▶ **GOAL OF THE EXERCISE**
Using the listing below, retype exactly the lines starting at the one with "#113=CARTESIAN_POINT('',(10.,20.,0.));" and ending at the one with "#131=FACE_BOUND('',#130,.T.);", and include both.

▶ **RECORDS SHOWN**
=-=-=

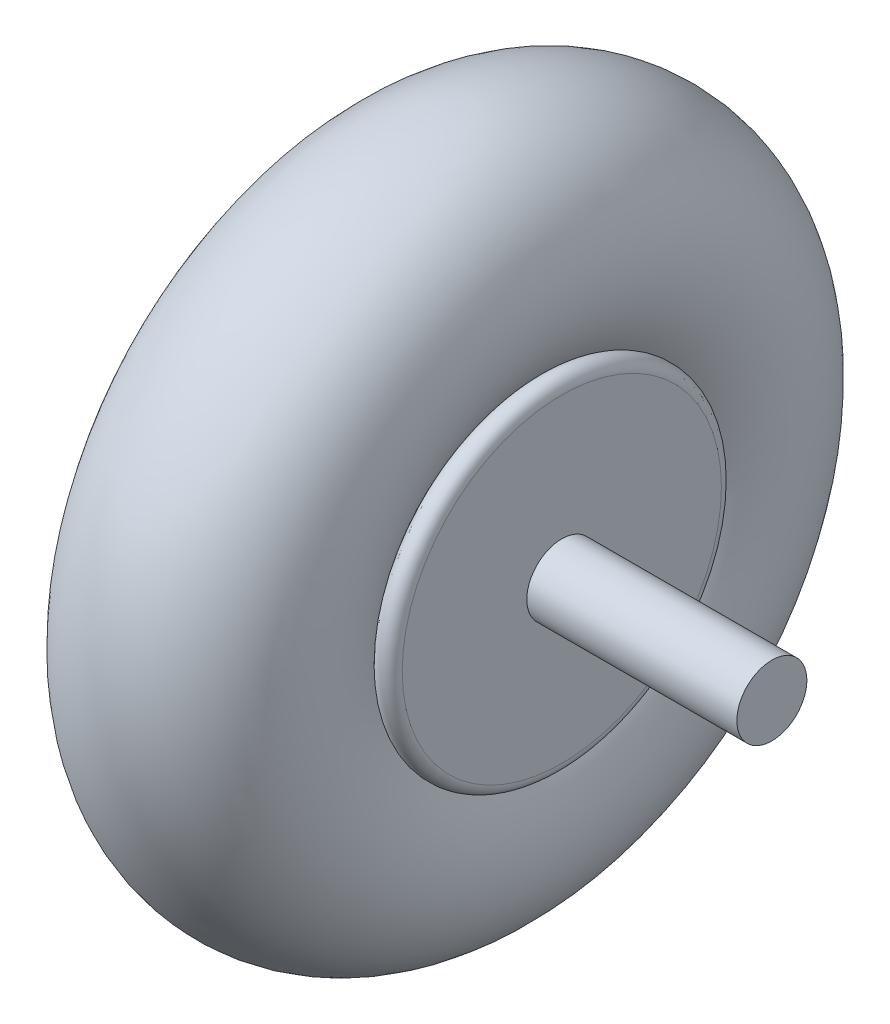
ISO-10303-21;
HEADER;
FILE_DESCRIPTION(('STEP AP214'),'2;1');
FILE_NAME('part.step','',(''),(''),'','','');
FILE_SCHEMA(('AUTOMOTIVE_DESIGN { 1 0 10303 214 1 1 1 1 }'));
ENDSEC;
DATA;
#1=APPLICATION_CONTEXT('core data for automotive mechanical design processes');
#2=APPLICATION_PROTOCOL_DEFINITION('international standard','automotive_design',2000,#1);
#3=PRODUCT_CONTEXT('',#1,'mechanical');
#4=PRODUCT('Part','Part','',(#3));
#5=PRODUCT_RELATED_PRODUCT_CATEGORY('part','',(#4));
#6=PRODUCT_DEFINITION_FORMATION('','',#4);
#7=PRODUCT_DEFINITION_CONTEXT('part definition',#1,'design');
#8=PRODUCT_DEFINITION('design','',#6,#7);
#9=PRODUCT_DEFINITION_SHAPE('','',#8);
#10=(LENGTH_UNIT() NAMED_UNIT(*) SI_UNIT(.MILLI.,.METRE.));
#11=(NAMED_UNIT(*) PLANE_ANGLE_UNIT() SI_UNIT($,.RADIAN.));
#12=(NAMED_UNIT(*) SI_UNIT($,.STERADIAN.) SOLID_ANGLE_UNIT());
#13=UNCERTAINTY_MEASURE_WITH_UNIT(LENGTH_MEASURE(1.E-05),#10,'distance_accuracy_value','');
#14=(GEOMETRIC_REPRESENTATION_CONTEXT(3) GLOBAL_UNCERTAINTY_ASSIGNED_CONTEXT((#13)) GLOBAL_UNIT_ASSIGNED_CONTEXT((#10,
#11,#12)) REPRESENTATION_CONTEXT('',''));
#15=CARTESIAN_POINT('',(0.,0.,0.));
#16=DIRECTION('',(0.,0.,1.));
#17=DIRECTION('',(1.,0.,0.));
#18=AXIS2_PLACEMENT_3D('',#15,#16,#17);
#19=CARTESIAN_POINT('',(-18.,0.,0.));
#20=DIRECTION('',(1.,0.,0.));
#21=DIRECTION('',(0.,0.,-1.));
#22=AXIS2_PLACEMENT_3D('',#19,#20,#21);
#23=CYLINDRICAL_SURFACE('',#22,3.);
#24=CARTESIAN_POINT('',(-18.,0.,0.));
#25=DIRECTION('',(-1.,0.,0.));
#26=DIRECTION('',(0.,0.,1.));
#27=AXIS2_PLACEMENT_3D('',#24,#25,#26);
#28=CIRCLE('',#27,3.);
#29=CARTESIAN_POINT('',(-18.,0.,3.));
#30=VERTEX_POINT('',#29);
#31=EDGE_CURVE('E11',#30,#30,#28,.T.);
#32=ORIENTED_EDGE('',*,*,#31,.F.);
#33=EDGE_LOOP('',(#32));
#34=FACE_BOUND('',#33,.T.);
#35=CARTESIAN_POINT('',(-10.,0.,0.));
#36=DIRECTION('',(1.,0.,0.));
#37=DIRECTION('',(0.,0.,-1.));
#38=AXIS2_PLACEMENT_3D('',#35,#36,#37);
#39=CIRCLE('',#38,3.);
#40=CARTESIAN_POINT('',(-10.,0.,-3.));
#41=VERTEX_POINT('',#40);
#42=EDGE_CURVE('E49',#41,#41,#39,.T.);
#43=ORIENTED_EDGE('',*,*,#42,.F.);
#44=EDGE_LOOP('',(#43));
#45=FACE_BOUND('',#44,.T.);
#46=ADVANCED_FACE('F43',(#34,#45),#23,.T.);
#47=CARTESIAN_POINT('',(-18.,0.,0.));
#48=DIRECTION('',(-1.,0.,0.));
#49=DIRECTION('',(0.,0.,1.));
#50=AXIS2_PLACEMENT_3D('',#47,#48,#49);
#51=PLANE('',#50);
#52=ORIENTED_EDGE('',*,*,#31,.T.);
#53=EDGE_LOOP('',(#52));
#54=FACE_BOUND('',#53,.T.);
#55=ADVANCED_FACE('F102',(#54),#51,.T.);
#56=CARTESIAN_POINT('',(-10.,20.,0.));
#57=DIRECTION('',(1.,0.,0.));
#58=DIRECTION('',(0.,0.,-1.));
#59=AXIS2_PLACEMENT_3D('',#56,#57,#58);
#60=PLANE('',#59);
#61=CARTESIAN_POINT('',(-10.,0.,0.));
#62=DIRECTION('',(1.,0.,0.));
#63=DIRECTION('',(0.,0.,-1.));
#64=AXIS2_PLACEMENT_3D('',#61,#62,#63);
#65=CIRCLE('',#64,13.6754446796632);
#66=CARTESIAN_POINT('',(-10.,0.,-13.6754446796632));
#67=VERTEX_POINT('',#66);
#68=EDGE_CURVE('E65',#67,#67,#65,.F.);
#69=ORIENTED_EDGE('',*,*,#68,.T.);
#70=EDGE_LOOP('',(#69));
#71=FACE_BOUND('',#70,.T.);
#72=ORIENTED_EDGE('',*,*,#42,.T.);
#73=EDGE_LOOP('',(#72));
#74=FACE_BOUND('',#73,.T.);
#75=ADVANCED_FACE('F93',(#71,#74),#60,.F.);
#76=CARTESIAN_POINT('',(28.,0.,0.));
#77=DIRECTION('',(-1.,0.,0.));
#78=DIRECTION('',(0.,0.,1.));
#79=AXIS2_PLACEMENT_3D('',#76,#77,#78);
#80=CYLINDRICAL_SURFACE('',#79,3.);
#81=CARTESIAN_POINT('',(28.,0.,0.));
#82=DIRECTION('',(1.,0.,0.));
#83=DIRECTION('',(0.,0.,-1.));
#84=AXIS2_PLACEMENT_3D('',#81,#82,#83);
#85=CIRCLE('',#84,3.);
#86=CARTESIAN_POINT('',(28.,0.,-3.));
#87=VERTEX_POINT('',#86);
#88=EDGE_CURVE('E53',#87,#87,#85,.T.);
#89=ORIENTED_EDGE('',*,*,#88,.F.);
#90=EDGE_LOOP('',(#89));
#91=FACE_BOUND('',#90,.T.);
#92=CARTESIAN_POINT('',(10.,0.,0.));
#93=DIRECTION('',(-1.,0.,0.));
#94=DIRECTION('',(0.,0.,1.));
#95=AXIS2_PLACEMENT_3D('',#92,#93,#94);
#96=CIRCLE('',#95,3.);
#97=CARTESIAN_POINT('',(10.,0.,3.));
#98=VERTEX_POINT('',#97);
#99=EDGE_CURVE('E57',#98,#98,#96,.T.);
#100=ORIENTED_EDGE('',*,*,#99,.F.);
#101=EDGE_LOOP('',(#100));
#102=FACE_BOUND('',#101,.T.);
#103=ADVANCED_FACE('F91',(#91,#102),#80,.T.);
#104=CARTESIAN_POINT('',(28.,0.,0.));
#105=DIRECTION('',(1.,0.,0.));
#106=DIRECTION('',(0.,0.,-1.));
#107=AXIS2_PLACEMENT_3D('',#104,#105,#106);
#108=PLANE('',#107);
#109=ORIENTED_EDGE('',*,*,#88,.T.);
#110=EDGE_LOOP('',(#109));
#111=FACE_BOUND('',#110,.T.);
#112=ADVANCED_FACE('F87',(#111),#108,.T.);
#113=CARTESIAN_POINT('',(10.,20.,0.));
#114=DIRECTION('',(-1.,0.,0.));
#115=DIRECTION('',(0.,0.,1.));
#116=AXIS2_PLACEMENT_3D('',#113,#114,#115);
#117=PLANE('',#116);
#118=CARTESIAN_POINT('',(10.,0.,0.));
#119=DIRECTION('',(-1.,0.,0.));
#120=DIRECTION('',(0.,0.,1.));
#121=AXIS2_PLACEMENT_3D('',#118,#119,#120);
#122=CIRCLE('',#121,13.6754446796632);
#123=CARTESIAN_POINT('',(10.,0.,13.6754446796632));
#124=VERTEX_POINT('',#123);
#125=EDGE_CURVE('E62',#124,#124,#122,.F.);
#126=ORIENTED_EDGE('',*,*,#125,.T.);
#127=EDGE_LOOP('',(#126));
#128=FACE_BOUND('',#127,.T.);
#129=ORIENTED_EDGE('',*,*,#99,.T.);
#130=EDGE_LOOP('',(#129));
#131=FACE_BOUND('',#130,.T.);
#132=ADVANCED_FACE('F84',(#128,#131),#117,.F.);
#133=CARTESIAN_POINT('',(0.,0.,0.));
#134=DIRECTION('',(1.,0.,0.));
#135=DIRECTION('',(0.,0.,-1.));
#136=AXIS2_PLACEMENT_3D('',#133,#134,#135);
#137=TOROIDAL_SURFACE('',#136,20.,10.);
#138=CARTESIAN_POINT('',(-8.18181818181819,0.,0.));
#139=DIRECTION('',(1.,0.,0.));
#140=DIRECTION('',(0.,0.,-1.));
#141=AXIS2_PLACEMENT_3D('',#138,#139,#140);
#142=CIRCLE('',#141,14.2504042542393);
#143=CARTESIAN_POINT('',(-8.18181818181819,0.,-14.2504042542393));
#144=VERTEX_POINT('',#143);
#145=EDGE_CURVE('E68',#144,#144,#142,.T.);
#146=ORIENTED_EDGE('',*,*,#145,.T.);
#147=EDGE_LOOP('',(#146));
#148=FACE_BOUND('',#147,.T.);
#149=CARTESIAN_POINT('',(8.18181818181819,0.,0.));
#150=DIRECTION('',(-1.,0.,0.));
#151=DIRECTION('',(0.,0.,1.));
#152=AXIS2_PLACEMENT_3D('',#149,#150,#151);
#153=CIRCLE('',#152,14.2504042542393);
#154=CARTESIAN_POINT('',(8.18181818181819,0.,14.2504042542393));
#155=VERTEX_POINT('',#154);
#156=EDGE_CURVE('E71',#155,#155,#153,.T.);
#157=ORIENTED_EDGE('',*,*,#156,.T.);
#158=EDGE_LOOP('',(#157));
#159=FACE_BOUND('',#158,.T.);
#160=ADVANCED_FACE('F75',(#148,#159),#137,.F.);
#161=CARTESIAN_POINT('',(-9.,0.,0.));
#162=DIRECTION('',(-1.,0.,0.));
#163=DIRECTION('',(0.,0.,1.));
#164=AXIS2_PLACEMENT_3D('',#161,#162,#163);
#165=TOROIDAL_SURFACE('',#164,13.6754446796632,1.);
#166=ORIENTED_EDGE('',*,*,#68,.F.);
#167=EDGE_LOOP('',(#166));
#168=FACE_BOUND('',#167,.T.);
#169=ORIENTED_EDGE('',*,*,#145,.F.);
#170=EDGE_LOOP('',(#169));
#171=FACE_BOUND('',#170,.T.);
#172=ADVANCED_FACE('F80',(#168,#171),#165,.T.);
#173=CARTESIAN_POINT('',(9.,0.,0.));
#174=DIRECTION('',(1.,0.,0.));
#175=DIRECTION('',(0.,0.,-1.));
#176=AXIS2_PLACEMENT_3D('',#173,#174,#175);
#177=TOROIDAL_SURFACE('',#176,13.6754446796632,1.);
#178=ORIENTED_EDGE('',*,*,#156,.F.);
#179=EDGE_LOOP('',(#178));
#180=FACE_BOUND('',#179,.T.);
#181=ORIENTED_EDGE('',*,*,#125,.F.);
#182=EDGE_LOOP('',(#181));
#183=FACE_BOUND('',#182,.T.);
#184=ADVANCED_FACE('F77',(#180,#183),#177,.T.);
#185=CLOSED_SHELL('',(#46,#55,#75,#103,#112,#132,#160,#172,#184));
#186=MANIFOLD_SOLID_BREP('B2',#185);
#187=CARTESIAN_POINT('',(0.,0.,0.));
#188=DIRECTION('',(-1.,0.,0.));
#189=DIRECTION('',(0.,0.,1.));
#190=AXIS2_PLACEMENT_3D('',#187,#188,#189);
#191=TOROIDAL_SURFACE('',#190,20.,10.);
#192=CARTESIAN_POINT('',(0.,0.,30.));
#193=VERTEX_POINT('',#192);
#194=VERTEX_LOOP('',#193);
#195=FACE_BOUND('',#194,.T.);
#196=ADVANCED_FACE('F186',(#195),#191,.T.);
#197=CLOSED_SHELL('',(#196));
#198=MANIFOLD_SOLID_BREP('B6',#197);
#199=ADVANCED_BREP_SHAPE_REPRESENTATION('',(#18,#186,#198),#14);
#200=SHAPE_DEFINITION_REPRESENTATION(#9,#199);
ENDSEC;
END-ISO-10303-21;

=-=-=

▶ **EXERCISE ANSWER**
#113=CARTESIAN_POINT('',(10.,20.,0.));
#114=DIRECTION('',(-1.,0.,0.));
#115=DIRECTION('',(0.,0.,1.));
#116=AXIS2_PLACEMENT_3D('',#113,#114,#115);
#117=PLANE('',#116);
#118=CARTESIAN_POINT('',(10.,0.,0.));
#119=DIRECTION('',(-1.,0.,0.));
#120=DIRECTION('',(0.,0.,1.));
#121=AXIS2_PLACEMENT_3D('',#118,#119,#120);
#122=CIRCLE('',#121,13.6754446796632);
#123=CARTESIAN_POINT('',(10.,0.,13.6754446796632));
#124=VERTEX_POINT('',#123);
#125=EDGE_CURVE('E62',#124,#124,#122,.F.);
#126=ORIENTED_EDGE('',*,*,#125,.T.);
#127=EDGE_LOOP('',(#126));
#128=FACE_BOUND('',#127,.T.);
#129=ORIENTED_EDGE('',*,*,#99,.T.);
#130=EDGE_LOOP('',(#129));
#131=FACE_BOUND('',#130,.T.);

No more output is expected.